Volume-Preserving Continuous Galerkin Level-Set Approach for Linear Finite Elements

Many physical phenomena can be described as the evolution of two phases coexisting within the same domain. Examples of such phenomena are the transport of gas and oil, solidification and phase transformations. Each of these phenomena require a description of the dynamics under which the phases change and a technique for tracking the interface between the relevant phases. Currently several techniques exist for describing the evolution of an interface between two phases. We can distinguish these techniques as either interface-tracking or interface-capturing.

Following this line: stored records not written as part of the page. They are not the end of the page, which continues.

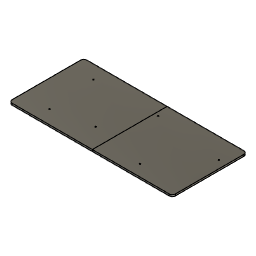
Rectangle DIY Case Backplate (Autodesk Fusion 360 design; units mm, degrees)
Autodesk Fusion 360 part; units mm, degrees
sketch "Sketch2" plane through (0, 0, -17.8) normal (0, 0, -1) x (1, 0, 0)
  arc A0 (-203.75, 114.9854) -> (-210.8339, 108) centre (-203.8478, 108) ccw
  line L0 (-210.8339, 108) -> (-210.8339, -42)
  arc A1 (-210.8339, -42) -> (-203.75, -48.9532) centre (-203.75, -41.8681) ccw
  line L1 (-203.75, -48.9532) -> (140, -48.9532)
  arc A2 (140, -48.9532) -> (146.9841, -42) centre (140.0308, -42) ccw
  line L2 (146.9841, -42) -> (146.9841, 108)
  arc A3 (146.9841, 108) -> (140, 114.9854) centre (140, 108.0013) ccw
  line L3 (140, 114.9854) -> (-203.75, 114.9854)
  arc A4 (-210.7339, -41.9991) -> (-203.75, -48.8532) centre (-203.75, -41.8681) ccw
  line L4 (-203.75, -48.8532) -> (140.0002, -48.8532)
  arc A5 (140.0002, -48.8532) -> (146.8841, -42) centre (140.0308, -42) ccw
  line L5 (146.8841, -42) -> (146.8841, 108)
  arc A6 (146.8841, 108) -> (140, 114.8854) centre (140, 108.0013) ccw
  line L6 (140, 114.8854) -> (-203.7507, 114.8854)
  arc A7 (-203.7507, 114.8854) -> (-210.7339, 108) centre (-203.8478, 108) ccw
  line L7 (-210.7339, 108) -> (-210.7339, -41.9991)
  circle A8 centre (-20, -21) radius 4
  circle A9 through (134, -4, 2.171) (128, -0.5359, 2.171) (128, -7.4641, 2.171)
  circle A10 through (-148, 85, -3.129) (-154, 88.4641, -3.129) (-154, 81.5359, -3.129)
  circle A11 through (-64, 68, -3.129) (-70, 71.4641, -3.129) (-70, 64.5359, -3.129)
  circle A12 through (55, 90, -3.129) (49, 93.4641, -3.129) (49, 86.5359, -3.129)
  circle A13 through (-16, -21, -3.129) (-22, -17.5359, -3.129) (-22, -24.4641, -3.129)
  circle A14 centre (130, -4) radius 4
  point P0 (-160, -19)
  dimension "d2" = -0.1
  dimension "d5" = 8
  dimension "d6" = 8
  dimension "d7" = 8
  dimension "d8" = 8
  dimension "d9" = 8
  dimension "d10" = 8
  dimension "d12" = 8
  measures "d5" diameter of A8
  measures "d12" diameter of A14
extrude "Extrude1" add sketch "Sketch2" along normal blind 2.2 contours A4 L4 A5 L5 A6 L6 A7 L7 | A8 | A14 makes body 1
sketch "Sketch4" plane through (0, 0, -20) normal (0, 0, -1) x (1, 0, 0)
  circle A0 centre (-160, -19) radius 4
  circle A1 centre (-68, 68) radius 4
  circle A2 centre (51, 90) radius 4
  circle A3 centre (-152, 85) radius 4
  line L0 (-210.7339, 108) -> (-210.7339, -41.9991)
  arc A4 (-210.7339, -41.9991) -> (-203.75, -48.8532) centre (-203.75, -41.8681) ccw
  line L1 (-203.75, -48.8532) -> (140.0002, -48.8532)
  arc A5 (140.0002, -48.8532) -> (146.8841, -42) centre (140.0308, -42) ccw
  line L2 (146.8841, -42) -> (146.8841, 108)
  arc A6 (146.8841, 108) -> (140, 114.8854) centre (140, 108.0013) ccw
  line L3 (140, 114.8854) -> (-203.7507, 114.8854)
  arc A7 (-203.7507, 114.8854) -> (-210.7339, 108) centre (-203.8478, 108) ccw
  circle A8 centre (-20, -21) radius 4
  circle A9 centre (130, -4) radius 4
  dimension "d11" = 8
  dimension "d13" = 8
  dimension "d14" = 8
  dimension "d15" = 8
  dimension "d16" = 8
  dimension "d17" = 8
  measures "d11" diameter of A0
  measures "d13" diameter of A1
  measures "d14" diameter of A2
  measures "d15" diameter of A3
  measures "d16" diameter of A8
  measures "d17" diameter of A9
hole "Hole1" at (-152, -85, -20) at (-68, -68, -20) at (-160, 19, -20) at (-20, 21, -20) at (51, -90, -20) at (130, 4, -20) direction (0, 0, 1) diameter 2.7 depth 36.85 tip angle 118 countersink diameter 8 countersink angle 120 bodies 1
extrude "Extrude2" add 1 faces at (53.6667, -21.3448, -17.8) along direction (0, 0, 1) blind 1.5 on bodies 1 bodies 1
extrude "Extrude3" cut 1 faces at (53.6667, -21.3448, -16.3) along direction (0, 0, -1) blind 0.7 on bodies 1 bodies 1
sketch "Sketch6" plane through (0, 0, -17) normal (0, 0, 1) x (-1, 0, 0)
  line L0 (28.2401, -50.0149) -> (28.2401, 114.9851)
  constraint vertical L0
sketch "Sketch7" plane through (0, 0, -17) normal (0, 0, 1) x (-1, 0, 0)
  circle A0 centre (-51, 90) radius 1.35
  circle A1 centre (160, -19) radius 1.35
  circle A2 centre (152, 85) radius 1.35
  circle A3 centre (68, 68) radius 1.35
  circle A4 centre (20, -21) radius 1.35
  circle A5 centre (-130, -4) radius 1.35
  line L0 (210.7339, -41.9991) -> (210.7339, 108)
  arc A6 (210.7339, 108) -> (203.7507, 114.8854) centre (203.8478, 108) ccw
  line L1 (203.7507, 114.8854) -> (-140, 114.8854)
  arc A7 (-140, 114.8854) -> (-146.8841, 108) centre (-140, 108.0013) ccw
  line L2 (-146.8841, 108) -> (-146.8841, -42)
  arc A8 (-146.8841, -42) -> (-140.0002, -48.8532) centre (-140.0308, -42) ccw
  line L3 (-140.0002, -48.8532) -> (203.75, -48.8532)
  arc A9 (203.75, -48.8532) -> (210.7339, -41.9991) centre (203.75, -41.8681) ccw
  line L4 (31.8749, -48.8532) -> (223.5444, -48.8532)
  line L5 (223.5444, -48.8532) -> (223.5444, 130.8995)
  line L6 (223.5444, 130.8995) -> (31.8749, 130.8995)
  line L7 (31.8749, 130.8995) -> (31.8749, -48.8532)
  line L8 (31.8749, -48.8532) -> (-156.0679, -48.8532)
  line L9 (-156.0679, -48.8532) -> (-156.0679, 130.2955)
  line L10 (-156.0679, 130.2955) -> (31.8749, 130.2955)
  line L11 (31.8749, 130.2955) -> (31.8749, -48.8532)
  constraint horizontal L4
  constraint vertical L5
  constraint horizontal L6
  constraint vertical L7
  constraint midpoint L3 L4.start
  constraint horizontal L8
  constraint vertical L9
  constraint horizontal L10
  constraint vertical L11
split "Split2" by curves path "Sketch7" along L5 L6 L7 L4 bodies 1 makes body 2 at (53.6132, -21.5198, -17)
extrude "Extrude4" add 2 faces at (-86.3357, 0.2958, -17) (53.6132, -21.5198, -17) along direction (0, 0, 1) blind 0.7 on bodies 1 2 bodies 1 2
split "Split3" by curves path "Sketch6" along L0 bodies 1 makes body 3 at (-85.1241, 0.2958, -16.3)
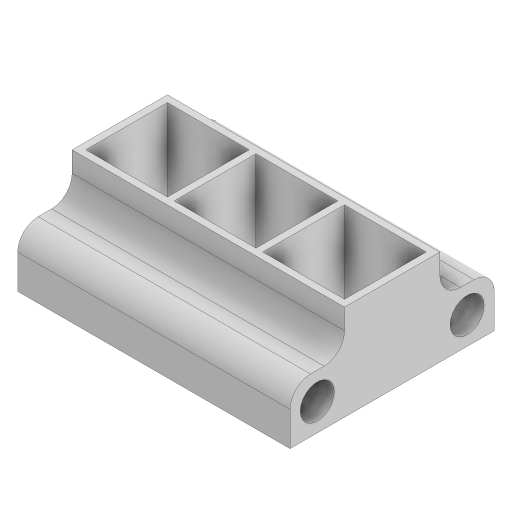
# Autodesk Inventor part: Mould
Saved by Autodesk Inventor 2023 (Build 270158000, 158)
## iProperties
Created: 2026-05-19
Part Number: Mould
Material: Generic
Document SubType Name: Modeling
Designer: ferrerx
Density: 1 g/cm^3
Appearance: Default
Author: ferrerx
Autodesk Inventor part; units mm, degrees
ref_plane "YZ Plane" through (0, 0, 0) normal (1, 0, 0) x (0, 1, 0)
ref_plane "XZ Plane" through (0, 0, 0) normal (0, 1, 0) x (-1, 0, 0)
ref_plane "XY Plane" through (0, 0, 0) normal (0, 0, 1) x (1, 0, 0)
sketch "Sketch1" plane through (0, 0, 0) normal (0, 1, 0) x (-1, 0, 0)
  line L0 (-7, 7) -> (7, 7)
  line L1 (7, 7) -> (7, -7)
  line L2 (7, -7) -> (-7, -7)
  line L3 (-7, -7) -> (-7, 7)
  line L4 (-7, 7) -> (7, -7) construction
  line L5 (7, 7) -> (-7, -7) construction
  point P0 (0, 0)
  dimension "d0" = 14
  dimension "d1" = 14
  constraints: 12 end point, 2 midpoint, 2 parallel, 1 horizontal, 1 perpendicular
  measures "d0" distance of L0.end L1.end
  measures "d1" distance of L1.end L2.end
extrude "Extrusion1" add sketch "Sketch1" along normal blind 14
sketch "Sketch2" plane through (0, 14, 0) normal (0, 1, 0) x (1, 0, 0)
  line L0 (6, -6) -> (-6, -6)
  line L1 (-6, -6) -> (-6, 6)
  line L2 (-6, 6) -> (6, 6)
  line L3 (6, 6) -> (6, -6)
  line L4 (6, -6) -> (-6, 6) construction
  line L5 (-6, -6) -> (6, 6) construction
  point P0 (0, 0)
  dimension "d4" = 12
  dimension "d5" = 12
  constraints: 12 end point, 2 midpoint, 2 parallel, 1 horizontal, 1 perpendicular
  measures "d4" distance of L1.end L2.end
  measures "d5" distance of L0.end L1.end
extrude "Extrusion2" cut sketch "Sketch2" against normal blind 12 draft -2
pattern_linear "Rectangular Pattern1" count 3 spacing 13 along (1, 0, 0) of "Extrusion2", "Extrusion1"
sketch "Sketch3" plane through (33, 0, 7) normal (1, 0, 0) x (0, 0, -1)
  line L0 (0, 0) -> (0, 14) projected
  line L1 (0, 0) -> (-8, 0)
  line L2 (-8, 0) -> (-8, 8)
  line L3 (-8, 8) -> (0, 8)
  line L4 (0, 8) -> (0, 0)
  line L5 (-4, 8) -> (-4, 0) construction
  circle A0 centre (-4, 4) radius 2.5
  point P0 (7, 0)
  dimension "d11" = 8
  dimension "d12" = 8
  dimension "d13" = 5
  constraints: 10 end point, 3 midpoint, 2 parallel, 1 centre point, 1 horizontal, 1 perpendicular
  measures "d11" distance of L2.end L3.end
  measures "d12" distance of L1.end L2.end
  measures "d13" diameter of A0
extrude "Extrusion3" add sketch "Sketch3" against normal up to surface (40 mm away)
fillet "Fillet1" radius 3 2 edges at (13, 8, 15) (13, 8, 7)
mirror "Mirror1" about plane through (0, 0, 0) normal (0, 0, 1) of "Fillet1", "Extrusion3"
fillet_without_effect "Fillet2"
body "Solid1"
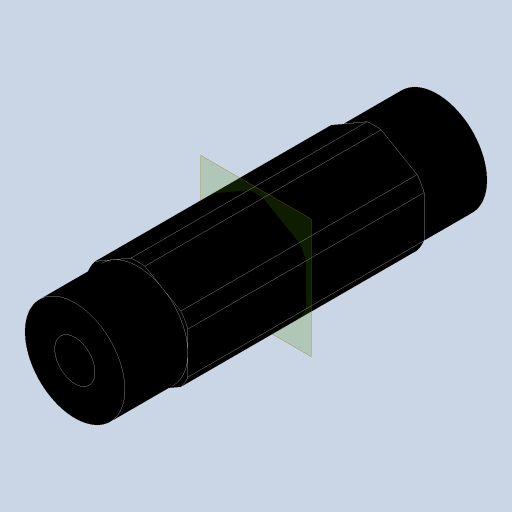
# Autodesk Inventor part: GP5-029
Saved by Autodesk Inventor 2023.4 (Build 274418000, 418)
## iProperties
Created: 2025-02-07
Part Number: GP5-029
Material: Aluminum 6061
Document SubType Name: Modeling
Designer: mavericks
Mass: 8.50758 g
Surface Area: 25.7449 cm^2
Volume: 3.15096 cm^3
Density: 2.7 g/cm^3
Appearance: Anodized - Black
RuleStatus: InUse
AfterDocNew0: SHOW
AfterDocOpen0: SHOW
AfterDocOpen1: size
AfterDocOpen2: thunder
BeforeDocSave0: size
BeforeDocSave1: thunder
AfterFeatureSuppressionChange0: thunder
AfterFeatureSuppressionChange1: size
PartBodyChanged0: thunder
PartBodyChanged1: size
AfterMaterialChange0: thunder
AfterMaterialChange1: size
Author: mavericks
Autodesk Inventor part; units mm, degrees
ref_plane "YZ Plane" through (0, 0, 0) normal (1, 0, 0) x (0, 1, 0)
ref_plane "XZ Plane" through (0, 0, 0) normal (0, 1, 0) x (-1, 0, 0)
ref_plane "XY Plane" through (0, 0, 0) normal (0, 0, 1) x (1, 0, 0)
sketch "Sketch1" plane through (0, 0, 0) normal (0, 0, 1) x (1, 0, 0)
  line L0 (-6.35, -3.6662) -> (-6.35, 3.6662)
  line L1 (-6.35, 3.6662) -> (0, 7.3323)
  line L2 (0, 7.3323) -> (6.35, 3.6662)
  line L3 (6.35, 3.6662) -> (6.35, -3.6662)
  line L4 (6.35, -3.6662) -> (0, -7.3323)
  line L5 (0, -7.3323) -> (-6.35, -3.6662)
  point P0 (0, 0)
  point P1 (0, 0)
  dimension "Size" = 12.7
  constraints: 12 end point, 1 coincident, 1 vertical alignment, 13 other
  measures "Size" distance between parallel lines of L3 L0
extrude "Extrusion1" add sketch "Sketch1" along normal mid plane 45.9994
sketch "Sketch3" plane through (0, 0, 22.9997) normal (0, 0, 1) x (1, 0, 0)
  line L0 (-6.35, 3.6662) -> (0, 7.3323) construction
  line L1 (0, 7.3323) -> (6.35, 3.6662) construction
  line L2 (6.35, 3.6662) -> (6.35, -3.6662) construction
  line L3 (6.35, -3.6662) -> (0, -7.3323) construction
  line L4 (0, -7.3323) -> (-6.35, -3.6662) construction
  line L5 (-6.35, -3.6662) -> (-6.35, 3.6662) construction
  point P0 (0, 0)
hole "Hole1" at (0, 0, 22.9997) direction (0, 0, -1) diameter 5.1054 end through all
sketch "Sketch4" plane through (0, 0, 22.9997) normal (0, 0, 1) x (1, 0, 0)
  circle A0 centre (0, 0) radius 2.5527 construction
  line L0 (-6.35, 3.6662) -> (0, 7.3323) construction
  line L1 (0, 7.3323) -> (6.35, 3.6662) construction
  line L2 (6.35, 3.6662) -> (6.35, -3.6662) construction
  line L3 (6.35, -3.6662) -> (0, -7.3323) construction
  line L4 (0, -7.3323) -> (-6.35, -3.6662) construction
  line L5 (-6.35, -3.6662) -> (-6.35, 3.6662) construction
  circle A1 centre (0, 0) radius 6.8771
  circle A2 centre (0, 0) radius 8.89
  dimension "thunder" = 13.7541
  dimension "d16" = 17.78
  constraints: 2 centre point, 2 coincident
  measures "thunder" diameter of A1
  measures "d16" diameter of A2
extrude "Extrusion3" cut sketch "Sketch4" against normal through all
sketch "Sketch5" plane through (0, 0, 22.9997) normal (0, 0, 1) x (1, 0, 0)
  circle A0 centre (0, 0) radius 6.35
  arc A1 (5.4616, -4.1791) -> (6.35, -2.6403) centre (0, 0) ccw projected
  line L0 (6.35, -2.6403) -> (6.35, 2.6403) projected
  arc A2 (6.35, 2.6403) -> (5.4616, 4.1791) centre (0, 0) ccw projected
  line L1 (5.4616, 4.1791) -> (0.8884, 6.8194) projected
  arc A3 (0.8884, 6.8194) -> (-0.8884, 6.8194) centre (0, 0) ccw projected
  line L2 (-0.8884, 6.8194) -> (-5.4616, 4.1791) projected
  arc A4 (-5.4616, 4.1791) -> (-6.35, 2.6403) centre (0, 0) ccw projected
  line L3 (-6.35, 2.6403) -> (-6.35, -2.6403) projected
  arc A5 (-6.35, -2.6403) -> (-5.4616, -4.1791) centre (0, 0) ccw projected
  line L4 (-5.4616, -4.1791) -> (-0.8884, -6.8194) projected
  arc A6 (-0.8884, -6.8194) -> (0.8884, -6.8194) centre (0, 0) ccw projected
  line L5 (0.8884, -6.8194) -> (5.4616, -4.1791) projected
  circle A7 centre (0, 0) radius 2.5527 projected
  point P0 (3.175, -5.4993)
  point P1 (-3.175, -5.4993)
  point P2 (-6.35, 0)
  point P3 (-3.175, 5.4993)
  point P4 (3.175, 5.4993)
  point P5 (6.35, 0)
  dimension "d19" = 12.7
  constraints: 1 centre point, 1 coincident
  measures "d19" diameter of A0
extrude "Extrusion4" cut sketch "Sketch5" against normal blind 8.001 contours L0 A1 L5 A0 | A0 L1 A2 L0 | A0 L2 A3 L1 | L5 A6 L4 A0 | A0 L3 A4 L2 | L4 A5 L3 A0
mirror "Mirror2" about plane through (0, 0, 0) normal (0, 0, 1) of "Extrusion4"
ref_plane "Work Plane1" through (0, 0, 0) normal (0, 0, 1) x (1, 0, 0)
equation "\"bearing\" = 25.4"
body "Solid1"

Interface-tracking techniques commonly describe the interface exactly, for example by representing the interface explicitly in a mesh [15], by assuming a parametric shape of the interface (See for example [19]) or by introducing markers indicating one of the phases [7] or the interface [4], and tracking explicitly the evolution of this interface. The class of interface-capturing techniques describe the interface implicitly by a function, such as the level-set method [12], the volume-of-fluid method [9] and the moment-of-fluid method [5], and track the evolution of this function explicitly. Recently, both methods have been combined to exploit the ease of capturing the location of the interface from the level-set method and the volume-preserving capacities of the volume-of-fluid method. So far, this coupling has only been performed on regular quadrilateral meshes adopting finite-volume discretisations [17] and on triangular meshes in the context of discontinuous-Galerkin finite-elements. In this article we develop a volume-preserving level-set method by coupling a Galerkin level-set formulation based on linear triangles with the volume-of-fluid method on star-shaped polygonal finite-volume meshes. This article will first introduce introduce the level-set method and the volume-of-fluid method and our choice of discretisation for each of the methods. Subsequently we will define the coupling between the two methods and the novel volume-correction algorithm which will ensure volume preservation during advection of the level-set and volume-of-fluid functions. Finally we will investigate the numerical and practical aspects of the volume-correction algorithm by several examples.